Have you ever paid attention to your posture at work? Michael Gergovich, chiropractor at Gergovich Family Chiropractic in La Salle, demonstrates ergonomics in the workplace. Gergovich recommends workers to sit in a chair with both feet on the floor and a keyboard pulled close to the body to prevent leaning forward.

Sometimes technology doesn’t make our lives easier. In some cases, technology can make things worse.

As electronics continue to improve, sedentary positions in the workplace and at home become more common, said Dr. Michael Gergovich, chiropractor at Gergovich Family Chiropractic in La Salle.

As the world becomes more computer- and phone-dominated, chiropractors are seeing an increase in pain for the neck and upper back, Gergovich said.

After being on a computer all day at work, many people go home and pull out a cell phone, an iPad or a laptop.

“For most of the day, many workers are hunched over, looking down at devices all day,” he said. “Over time, that bad posture just makes things worse.”

The La Salle chiropractor provided some tips for better posture at work:

• Be eye level with your screen (you don’t want to be looking down).

• Don’t cross your legs or sit on your legs.

• Keep both feet on the ground with an even weight on your feet and buttcheeks.

• Don’t sit on a wallet.

• While sitting, it’s helpful to keep the side of your hip bone a little higher than the side of your knee.

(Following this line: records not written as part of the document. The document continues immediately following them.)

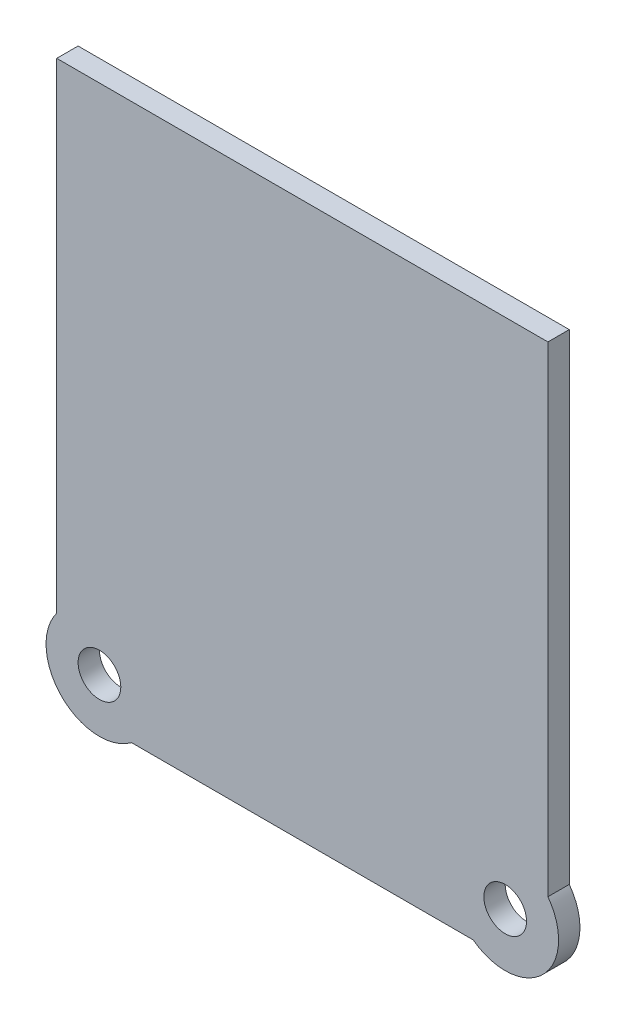
SolidWorks part; units mm, degrees
ref_plane "Front Plane" through (0, 0, 0) normal (0, 0, 1) x (1, 0, 0)
ref_plane "Top Plane" through (0, 0, 0) normal (0, 1, 0) x (1, 0, 0)
ref_plane "Right Plane" through (0, 0, 0) normal (1, 0, 0) x (0, 0, -1)
sketch "Sketch1" plane through (0, 0, 0) normal (0, 0, 1) x (1, 0, 0)
  line L0 (0, 0) -> (0, 152.4) construction
  line L1 (0.0027, -12.7) -> (-50.8, -12.7)
  line L2 (-73.025, 9.525) -> (-73.025, 152.4)
  line L3 (-73.025, 152.4) -> (73.025, 152.4)
  line L4 (73.025, 9.525) -> (73.025, 152.4)
  line L5 (-0.0027, -12.7) -> (50.8, -12.7)
  circle A0 centre (-60.325, 0) radius 6.35
  arc A1 (-73.025, 9.525) -> (-50.8, -12.7) centre (-60.325, 0) ccw
  arc A2 (73.025, 9.525) -> (50.8, -12.7) centre (60.325, 0) cw
  circle A3 centre (60.325, 0) radius 6.35
  dimension "D1" = 12.7
  dimension "D2" = 31.75
  dimension "D3" = 60.325
  dimension "D4" = 146.05
  dimension "D5" = 12.7
  dimension "D6" = 152.4
extrude "Boss-Extrude1" add sketch "Sketch1" along normal mid plane 6.35 contours A2 L4 L3 L2 A1 L1 L5 A0 A3 region at (0, 70.0905, 0)
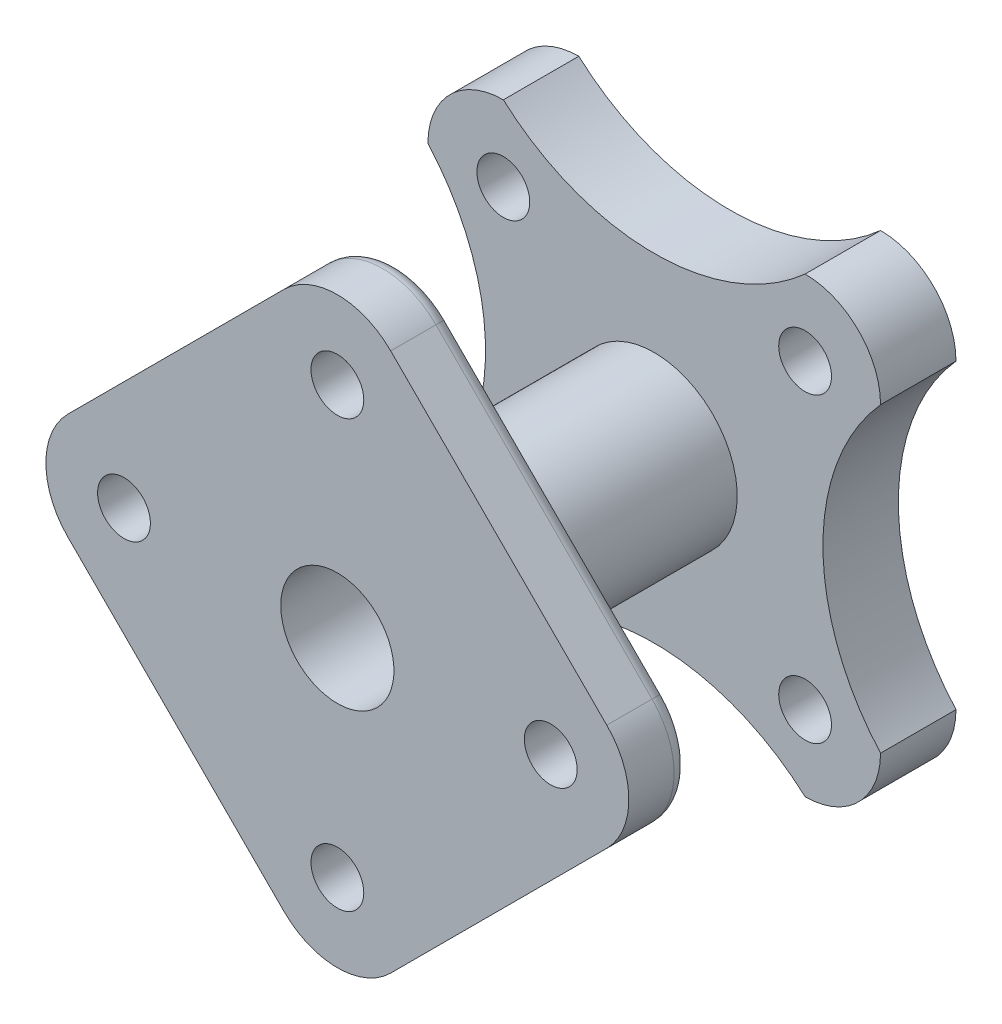
SolidWorks part; units mm, degrees
material "1060 Alloy"
ref_plane "Front Plane" through (0, 0, 0) normal (0, 0, 1) x (1, 0, 0)
ref_plane "Top Plane" through (0, 0, 0) normal (0, 1, 0) x (1, 0, 0)
ref_plane "Right Plane" through (0, 0, 0) normal (1, 0, 0) x (0, 0, -1)
sketch "Sketch1" plane through (0, 0, 0) normal (0, 0, 1) x (1, 0, 0)
  line L0 (10.6961, -43.2693) -> (-25.2249, -7.3483)
  line L1 (-25.2249, 11.0628) -> (10.6961, 46.9838)
  line L2 (29.1072, 46.9838) -> (65.0282, 11.0628)
  line L3 (29.1072, -43.2693) -> (65.0282, -7.3483)
  line L4 (-25.2249, -7.3483) -> (-34.4304, 1.8572)
  line L5 (-34.4304, 1.8572) -> (-25.2249, 11.0628)
  line L6 (10.6961, 46.9838) -> (19.9017, 56.1893)
  line L7 (19.9017, 56.1893) -> (29.1072, 46.9838)
  line L8 (65.0282, 11.0628) -> (74.2338, 1.8572)
  line L9 (74.2338, 1.8572) -> (65.0282, -7.3483)
  line L10 (10.6961, -43.2693) -> (19.9017, -52.4749)
  line L11 (19.9017, -52.4749) -> (29.1072, -43.2693)
  line L12 (-7.2644, 29.0233) -> (47.0677, -25.3088) construction
  line L13 (46.3766, 29.7144) -> (-7.9555, -24.6177) construction
  circle A4 centre (-16.0194, 1.8572) radius 4.445
  circle A5 centre (19.9017, 37.7782) radius 4.445
  circle A6 centre (19.9017, -34.0638) radius 4.445
  circle A7 centre (55.8227, 1.8572) radius 4.445
  point P3 (-7.2644, -25.3088)
  dimension "D2" = 50.8
  dimension "D1" = 50.8
extrude "Boss-Extrude1" add sketch "Sketch1" along normal blind 10.16
fillet "Fillet1" radius 12.7 4 edges at (19.9017, -52.4749, 5.08) (74.2338, 1.8572, 5.08) (-34.4304, 1.8572, 5.08) (19.9017, 56.1893, 5.08)
sketch "Sketch2" plane through (0, 0, 0) normal (0, 0, 1) x (1, 0, 0)
  line L0 (19.9017, 50.9288) -> (19.9017, -47.2144) construction
  arc A0 (28.8819, 47.2091) -> (10.9214, 47.2091) centre (19.9017, 38.2288) ccw construction
  arc A1 (10.9214, -43.4946) -> (28.8819, -43.4946) centre (19.9017, -34.5144) ccw construction
  circle A2 centre (19.9017, 1.8572) radius 13.97
extrude "Boss-Extrude2" add sketch "Sketch2" against normal blind 43.18
sketch "Sketch4" plane through (0, 0, -43.18) normal (0, 0, -1) x (-1, 0, 0)
  circle A0 centre (-45.3017, 27.2572) radius 4.445
  circle A1 centre (5.4983, 27.2572) radius 4.445
  circle A2 centre (5.4983, -23.5428) radius 4.445
  circle A3 centre (-45.3017, -23.5428) radius 4.445
  arc A4 (-45.3017, 39.9572) -> (-58.0017, 27.2572) centre (-45.3017, 27.2572) ccw
  arc A6 (5.4983, 39.9572) -> (18.1983, 27.2572) centre (5.4983, 27.2572) cw
  arc A7 (18.1983, -23.5428) -> (5.4983, -36.2428) centre (5.4983, -23.5428) cw
  arc A8 (-45.3017, -36.2428) -> (-58.0017, -23.5428) centre (-45.3017, -23.5428) cw
  arc A9 (-45.3017, 39.9572) -> (5.4983, 39.9572) centre (-19.9017, 68.3553) ccw
  arc A10 (-58.0017, -23.5428) -> (-58.0017, 27.2572) centre (-86.3997, 1.8572) ccw
  arc A11 (-45.3017, -36.2428) -> (5.4983, -36.2428) centre (-19.9017, -64.6408) cw
  arc A12 (18.1983, -23.5428) -> (18.1983, 27.2572) centre (46.5964, 1.8572) cw
  point P0 (-19.9017, 1.8572)
  dimension "D1" = 50.8
  dimension "D8" = 25.4
  dimension "D2" = 50.8
  dimension "D3" = 50.8
  dimension "D4" = 25.4
  dimension "D5" = 25.4
  dimension "D6" = 50.8
  dimension "D7" = 25.4
extrude "Boss-Extrude3" add sketch "Sketch4" along normal blind 12.7
sketch "Sketch5" plane through (0, 0, -55.88) normal (0, 0, -1) x (-1, 0, 0)
  line L0 (-19.9017, 50.9288) -> (-19.9017, -49.242) construction
  arc A0 (-10.9214, 47.2091) -> (-28.8819, 47.2091) centre (-19.9017, 38.2288) ccw construction
  circle A2 centre (-19.9017, 0.8434) radius 9.525
extrude "Cut-Extrude2" cut sketch "Sketch5" against normal through all
sketch "Sketch6" plane through (0, 0, -55.88) normal (0, 0, -1) x (-1, 0, 0)
  circle A0 centre (-19.9017, 0.8434) radius 19.05
extrude "Cut-Extrude3" cut sketch "Sketch6" against normal blind 2.54
chamfer "Chamfer1" distance 2.54 angle 45 1 edges at (0.8517, 0.8434, -55.88)
fillet "Fillet2" radius 2.54 8 edges at (19.9017, 50.9288, 0) (47.0677, 29.0233, 0) (68.9733, 1.8572, 0) (47.0677, -25.3088, 0) (19.9017, -47.2144, 0) (-7.2644, -25.3088, 0) (-29.1699, 1.8572, 0) (-7.2644, 29.0233, 0)
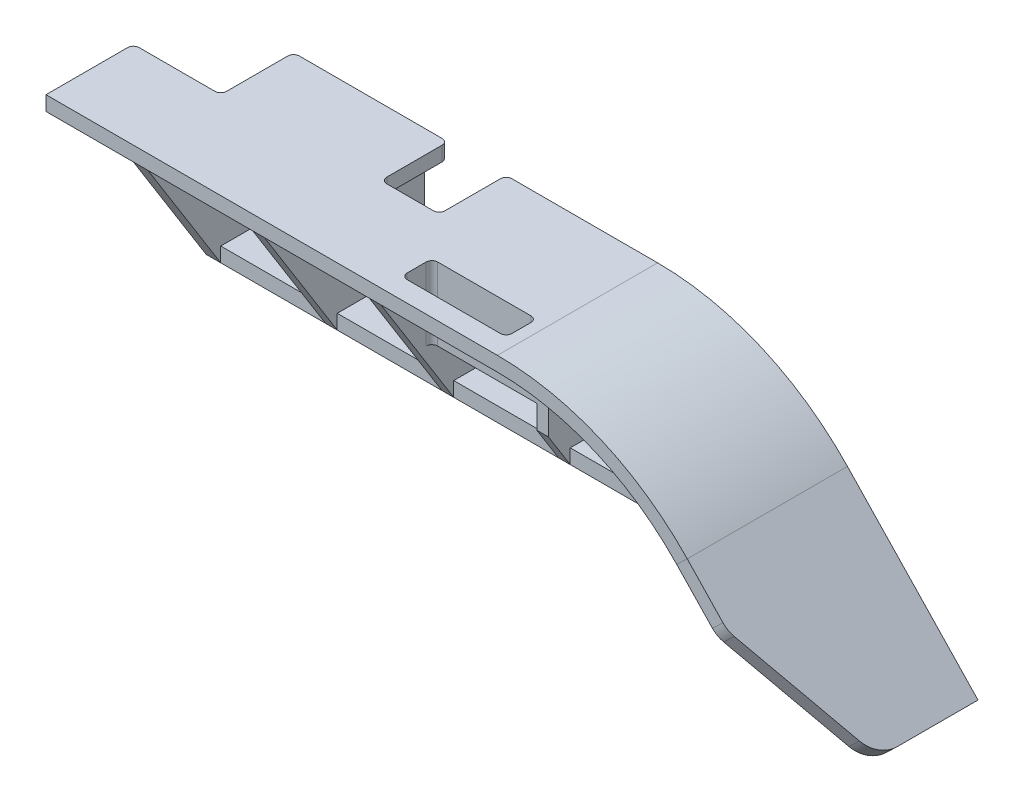
SolidWorks part; units mm, degrees
ref_plane "Front" through (0, 0, 0) normal (0, 0, 1) x (1, 0, 0)
ref_plane "Top" through (0, 0, 0) normal (0, 1, 0) x (1, 0, 0)
ref_plane "Right" through (0, 0, 0) normal (1, 0, 0) x (0, 0, -1)
sketch "Sketch1" plane through (0, 0, 0) normal (0, 1, 0) x (1, 0, 0)
  line L1 (-77.5, 27.5) -> (77.5, 27.5)
  line L2 (-77.5, 27.5) -> (-77.5, -27.5)
  line L3 (-77.5, -27.5) -> (77.5, -27.5)
  line L4 (77.5, 27.5) -> (77.5, -27.5)
  line L5 (-77.5, 27.5) -> (77.5, -27.5) construction
  line L6 (-77.5, -27.5) -> (77.5, 27.5) construction
  point P0 (0, 0)
  dimension "D1" = 155
  dimension "D2" = 55
extrude "Boss-Extrude1" add sketch "Sketch1" along normal blind 5
ref_plane "Plane1" through (0, -40, 0) normal (0, 1, 0) x (1, 0, 0)
sketch "Sketch2" plane through (0, 5, 0) normal (0, 1, 0) x (1, 0, 0)
  line L1 (-77.5, 27.5) -> (-47.5, 27.5)
  line L2 (-77.5, 27.5) -> (-77.5, 2.5)
  line L3 (-77.5, 2.5) -> (-47.5, 2.5)
  line L4 (-47.5, 27.5) -> (-47.5, 2.5)
  dimension "D1" = 25
  dimension "D2" = 30
extrude "Cut-Extrude2" cut sketch "Sketch2" against normal up to surface (5 mm away) up to face at (0, 0, 0)
sketch "Sketch3" plane through (0, 0, 0) normal (0, -1, 0) x (1, 0, 0)
  line L6 (-77.5, 27.5) -> (77.5, 27.5) construction
  line L7 (-47.5, -27.5) -> (-42.5, -27.5)
  line L8 (-47.5, -27.5) -> (-47.5, 27.5)
  line L9 (-47.5, 27.5) -> (-42.5, 27.5)
  line L10 (-42.5, -27.5) -> (-42.5, 27.5)
  dimension "D1" = 5
extrude "Boss-Extrude2" add sketch "Sketch3" along normal up to surface (40 mm away) contours L10 L9 L8 L7 up to plane "Plane1"
sketch "Sketch9" plane through (0, 0, 27.5) normal (0, 0, 1) x (1, 0, 0)
  line L0 (77.5, 5) -> (187.5, 5) construction
  line L1 (187.5, 5) -> (187.5, -70) construction
  line L2 (-77.5, 5) -> (77.5, 5) construction
  line L3 (187.5, -70) -> (142.6724, -22.931)
  line L4 (77.5, 5) -> (77.5, 0) construction
  arc A1 (142.6724, -22.931) -> (77.5, 5) centre (77.5, -85) ccw
  point P4 (91.2465, 5)
  point P5 (0, 0)
  point P6 (0, 0)
  point P12 (141.796, 5)
  point P13 (0, 0)
  dimension "D1" = 110
  dimension "D2" = 75
sketch "Sketch10" plane through (77.5, 0, 0) normal (1, 0, 0) x (0, 0, -1)
  line L1 (27.5, 5) -> (-27.5, 5)
  line L2 (27.5, 5) -> (27.5, 0)
  line L3 (27.5, 0) -> (-27.5, 0)
  line L4 (-27.5, 5) -> (-27.5, 0)
sweep "Sweep1" add profiles "Sketch10" path "Sketch9"
sketch "Sketch14" plane through (0, -40, 0) normal (0, 1, 0) x (1, 0, 0)
  line L1 (-42.5, 27.5) -> (82.5, 27.5)
  line L2 (-42.5, 27.5) -> (-42.5, -2.5)
  line L3 (-42.5, -2.5) -> (82.5, -2.5)
  line L4 (82.5, 27.5) -> (82.5, -2.5)
  dimension "D1" = 125
  dimension "D2" = 30
extrude "Boss-Extrude7" add sketch "Sketch14" along normal blind 5
sketch "Sketch16" plane through (82.5, 0, 0) normal (1, 0, 0) x (0, 0, -1)
  line L1 (27.5, -35) -> (-2.5, -35)
  line L2 (27.5, -35) -> (27.5, -40)
  line L3 (27.5, -40) -> (-2.5, -40)
  line L4 (-2.5, -35) -> (-2.5, -40)
extrude "Boss-Extrude8" add sketch "Sketch16" along normal up to surface (64.7619 mm away) up to face at (161.4655, -49.9138, 0)
sketch "Sketch19" plane through (0, 0, 0) normal (0, -1, 0) x (1, 0, 0)
  line L9 (-42.5, 27.5) -> (77.5, 27.5) construction
  line L15 (77.5, -27.5) -> (73.5, -27.5)
  line L16 (77.5, -27.5) -> (77.5, 27.5)
  line L17 (77.5, 27.5) -> (73.5, 27.5)
  line L18 (73.5, -27.5) -> (73.5, 27.5)
  line L19 (37.5, -27.5) -> (37.5, 27.5)
  line L20 (37.5, -27.5) -> (33.5, -27.5)
  line L21 (33.5, -27.5) -> (33.5, 27.5)
  line L22 (37.5, 27.5) -> (33.5, 27.5)
  line L23 (-2.5, -27.5) -> (-2.5, 27.5)
  line L24 (-2.5, -27.5) -> (-6.5, -27.5)
  line L25 (-6.5, -27.5) -> (-6.5, 27.5)
  line L26 (-2.5, 27.5) -> (-6.5, 27.5)
  line L27 (77.5, -27.5) -> (37.5, -27.5) construction
  dimension "D1" = 4
  dimension "D2" = 40
extrude "Boss-Extrude9" add sketch "Sketch19" along normal up to surface (40 mm away) up to face at (20.6746, -40, 0.8333)
sketch "Sketch17" plane through (-47.5, 0, 0) normal (-1, 0, 0) x (0, 0, 1)
  line L0 (27.5, 0) -> (2.5, -40)
  line L1 (2.5, -40) -> (27.5, -40)
  line L2 (27.5, -40) -> (27.5, 0) construction
  line L3 (27.5, -40) -> (27.5, 0)
  line L5 (27.5, -40) -> (-27.5, -40) construction
  dimension "D1" = 0
extrude "Cut-Extrude4" cut sketch "Sketch17" against normal up to surface (125 mm away) up to face at (77.5, -25, 0.8333)
sketch "Sketch18" plane through (0, -35, 0) normal (0, 1, 0) x (1, 0, 0)
  line L0 (-47.5, -2.5) -> (-47.5, 27.5) construction
  line L1 (152.0238, 27.5) -> (-47.5, 27.5) construction
  circle A0 centre (-30.5, 17) radius 1.75
  circle A1 centre (69.5, 17) radius 1.75
  point P4 (0, 0)
  dimension "D1" = 3.5
  dimension "D2" = 17
  dimension "D3" = 100
  dimension "D4" = 10.5
extrude "Cut-Extrude5" cut sketch "Sketch18" against normal up to surface (5 mm away) up to face at (34.5043, -40, -2.9545)
sketch "Sketch20" plane through (0, -35, 0) normal (0, 1, 0) x (1, 0, 0)
  line L0 (77.5, 27.5) -> (77.5, -2.5) construction
  line L1 (81.5, 1.5) -> (119.5, 1.5)
  line L2 (81.5, 1.5) -> (81.5, 17.5)
  line L3 (81.5, 17.5) -> (119.5, 17.5)
  line L4 (119.5, 1.5) -> (119.5, 17.5)
  line L5 (77.5, -2.5) -> (147.2619, -2.5) construction
  point P5 (0, 0)
  dimension "D1" = 16
  dimension "D2" = 4
  dimension "D3" = 4
  dimension "D4" = 38
extrude "Cut-Extrude6" cut sketch "Sketch20" against normal up to surface (5 mm away) up to face at (-30.5, -40, -15.25)
fillet "Fillet1" radius 5 4 edges at (119.5, -37.5, -17.5) (119.5, -37.5, -1.5) (81.5, -37.5, -1.5) (81.5, -37.5, -17.5)
sketch "Sketch21" plane through (73.5, 0, 0) normal (-1, 0, 0) x (0, 0, 1)
  line L6 (27.5, 0) -> (-27.5, 0) construction
  line L11 (10, 0) -> (5, 0)
  line L12 (10, 0) -> (10, -20)
  line L13 (10, -20) -> (5, -20)
  line L14 (5, 0) -> (5, -20)
  dimension "D1" = 5
  dimension "D2" = 17.5
  dimension "D3" = 20
extrude "Boss-Extrude10" add sketch "Sketch21" along normal up to surface (36 mm away) up to face at (37.5, -22, -4.5)
sketch "Sketch22" plane through (73.5, 0, 0) normal (-1, 0, 0) x (0, 0, 1)
  line L2 (10, -28) -> (27.5, 0)
  line L3 (27.5, 0) -> (10, 0)
  line L4 (10, 0) -> (10, -28)
  line L5 (2.5, -40) -> (27.5, 0) construction
  point P3 (0, 0)
  point P4 (0, 0)
  point P5 (0, 0)
  point P9 (0, 0)
  point P10 (10.5429, -28.0917)
  point P11 (0, 0)
  point P14 (0, 0)
extrude "Cut-Extrude7" cut sketch "Sketch22" against normal up to surface (4 mm away) up to face at (77.5, -22, -4.5)
sketch "Sketch23" plane through (0, 0, 0) normal (0, -1, 0) x (1, 0, 0)
  line L7 (37.5, 10) -> (73.5, 10)
  line L8 (37.5, 10) -> (37.5, 20.5)
  line L9 (37.5, 20.5) -> (73.5, 20.5)
  line L10 (73.5, 10) -> (73.5, 20.5)
  line L14 (37.5, 10) -> (73.5, 10) construction
  line L15 (77.5, 27.5) -> (77.5, 10) construction
  line L16 (37.5, 10) -> (37.5, 27.5) construction
  dimension "D1" = 10.5
  dimension "D2" = 4
extrude "Cut-Extrude8" cut sketch "Sketch23" against normal up to surface (5 mm away) up to face at (-15.8333, 5, -0.8333)
fillet "Fillet2" radius 2 4 edges at (73.5, 2.5, 20.5) (73.5, 2.5, 10) (37.5, 2.5, 20.5) (37.5, -7.5, 10)
sketch "Sketch24" plane through (0, 0, 0) normal (0, -1, 0) x (1, 0, 0)
  line L0 (33.5, -27.5) -> (-2.5, -27.5) construction
  line L1 (25.5, -27.5) -> (5.5, -27.5)
  line L2 (25.5, -27.5) -> (25.5, -4.5)
  line L3 (25.5, -4.5) -> (5.5, -4.5)
  line L4 (5.5, -27.5) -> (5.5, -4.5)
  line L5 (-47.5, -2.5) -> (-47.5, -27.5) construction
  dimension "D1" = 20
  dimension "D2" = 53
  dimension "D3" = 23
extrude "Cut-Extrude9" cut sketch "Sketch24" against normal up to surface (5 mm away) up to face at (55.5, 5, 15.25)
fillet "Fillet3" radius 2 7 edges at (-47.5, 2.5, -2.5) (5.5, 2.5, -4.5) (5.5, 2.5, -27.5) (25.5, 2.5, -4.5) (25.5, 2.5, -27.5) (-47.5, -17.5, -27.5) (-77.5, 2.5, -2.5)
chamfer "Chamfer1" distance 45 angle 25 1 edges at (185.6897, -71.7241, 27.5) first distance on face at (163.2759, -48.1897, 27.5)
fillet "Fillet4" radius 10 2 edges at (154.6552, -39.1379, 27.5) (185.6897, -71.7241, 6.5162)

• Someone who’s shorter and whose feet don’t touch the floor will benefit from putting something underneath so their feet are flat.

• A headset is a better idea for people constantly answering phones during the day (people tend to shift their bodies when answering phones).

• “What people aren’t aware of is a lot of employers will pay to improve your ergonomics at work if there’s a note from your doctor,” he said. (Ergonomics is the study of people’s efficiency in their working environment. An “ergonomic” chair or a stand-up desk might be the right solution for you).

• Poor posture and ergonomics leads to anything from pain and discomfort to numbness and tingling in the extremities.

• Most insurance plans include some sort of chiropractic coverage; it just depends if you will have a deductible or copay.